5.6

mean = (65 + 77)/2

marginoferror = (77 - 65)/2

sd = (6/1.645) * sqrt(25)

mean
## [1] 71
marginoferror
## [1] 6
sd
## [1] 18.23708

5.14

a).

n = ceiling(((1.645 * 250)/25)^2)

n
## [1] 271

b).

Luke’s sample should be larger than Raina’s because he wants the same margin of error with more certainty. When the confidence level increases and the sample size remains the same, the margin widens because a higher multiplier is used to calculate the confidence interval. To maintain the same size confidence interval with more certainty, Luke would have to increase his sample size to counteract the increasing multiplier.

c).

LukeN = ceiling(((2.576 * 250)/25)^2)

LukeN
## [1] 664

5.20

a).

There does not appear to be a clear difference between reading and writing scores. The boxplots are almost completely overlapping each other and the differences in scores centers at zero, indicating no difference.

b).

Reading and writing scores are not independent of each other. Reading and writing are usually both taught in English class and they are inherently linked together.

c).

H0: There is no difference between the mean reading scores and writing scores of high school seniors.

HA: There is a difference between the mean reading scores and writing scores of high school seniors.

d).

Independence of observations - The survey is a simple random sample, so the observations are most likely independent from each other. Also 200 high school seniors is less than 10% of all high school seniors.

Observations come from a normal distribution - Both samples do not appear to have significant skew or outliers, so they are both probably normal.

Samples are independent - The samples are not independent as stated in part (b).

The test will not be effective because the samples are not indpendent.

e).

-0.545/(8.887/sqrt(200))
## [1] -0.867274

The data does not provide convincing evidence that there is a difference between the two scores. The z-score for this mean is -0.87 which will have a very high p-value. When the p-value is high, then there is a good chance that the observed difference could have been random variation in the data rather than a real measurable difference.

f).

We could have made a type-2 error. This means that we fail to reject the null hypothesis when the alternative hypothesis was true. In the context of this problem, this means that we stated that there is no difference between the mean reading and writing scores of high school seniors when there is actually a difference.

g).

I would expect the confidence interval for the average difference between reading and writing scores to include zero. There is no discernable difference in the reading vs. writing boxplots. The distribution of the score differences centers at zero. The test has a very high p-value. All signs indicate that there is no difference between the mean reading and writing scores, which makes it very likely that the confidence interval includes zero.

5.32

H0: There is no difference in the average mpg between automatic transmission cars and manual cars.
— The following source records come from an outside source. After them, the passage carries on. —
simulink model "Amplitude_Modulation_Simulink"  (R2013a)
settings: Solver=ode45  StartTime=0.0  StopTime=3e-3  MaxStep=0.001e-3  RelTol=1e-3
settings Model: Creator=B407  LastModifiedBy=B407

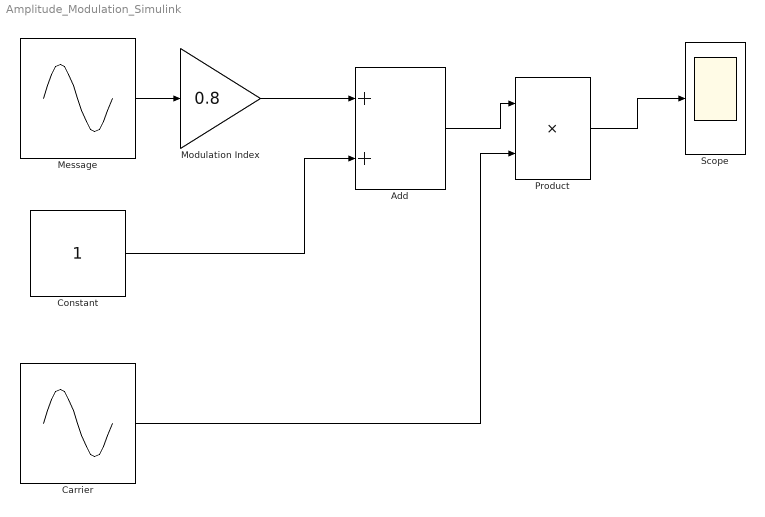
== system Amplitude_Modulation_Simulink ==
  Add : Sum
  "Carrier " : Sin  Frequency=20*6280  Phase=3.14/2  SampleTime=0
  Constant : Constant
  "Message " : Sin  Frequency=6280  Phase=3.14/2  SampleTime=0
  "Modulation Index " : Gain  Gain=0.8
  Product : Product
  Scope : Scope
  wires:
  "Message "/1 -> "Modulation Index "/1
  Constant/1 -> Add/2
  "Modulation Index "/1 -> Add/1
  "Carrier "/1 -> Product/2
  Add/1 -> Product/1
  Product/1 -> Scope/1

HA: There is a difference in the average mpg between automatic transmission cars and manual cars.

difference = 19.85 - 16.12

se = sqrt((3.58^2)/26 + (4.51^2)/26)

t = abs(qt(0.025,25))

c(difference - (se * t), difference + (se * t))
## [1] 1.404226 6.055774

Since 0 is not included in the confidence interval, I can conclude with 95% confidence that there is a difference between the average mpg of automatic transmission cars and manual cars.

The data provides strong evidence of a difference between the average fuel efficiency of cars with manual and automatic transmissions in terms of their average city mileage.

5.48

a).

H0: There is no difference in the average hours worked per week across all levels of educational attainment.

HA: There is at least one difference in the average hours worked per week between each level of educational attainment.

b).

Observations are independent within and across groups - The data was probably gathered from a simple random sample, so they are probably independent. Also, each population is less than 10% of their respective total populations.

The data within each group are nearly normal - Most of the distributions are normally distributed, except for the bachelors and graduate degrees which appear to be right skewed. However, since the sample size is quite large for both samples, this condition can be relaxed a bit.

The variability across the groups is about equal - The standard deviation for each group is very close to the total standard deviation. The furthest departure is 18.1 from the Junior college population. However, 18.1 is still very close to 15.17, so it is safe to assume that the variability across all groups is equal.

c).

degree DF = k - 1 = 5 - 1 = 4

residual DF = n - k = 1172 - 5 = 1167

total DF = 1171

degreeSumSq = 501.54 * 4

residualMeanSq = 267382/1167

totalSumSq = degreeSumSq + 267382

Fvalue = 501.54/residualMeanSq

degreeSumSq
## [1] 2006.16
totalSumSq
## [1] 269388.2
residualMeanSq
## [1] 229.1191
Fvalue
## [1] 2.188992

d).

With 90% confidence, there is enough evidence to conlcude that at least one of the groups has a different mean than the other groups. In other words, there is at least one difference in the average hours worked per week between each level of educational attainment.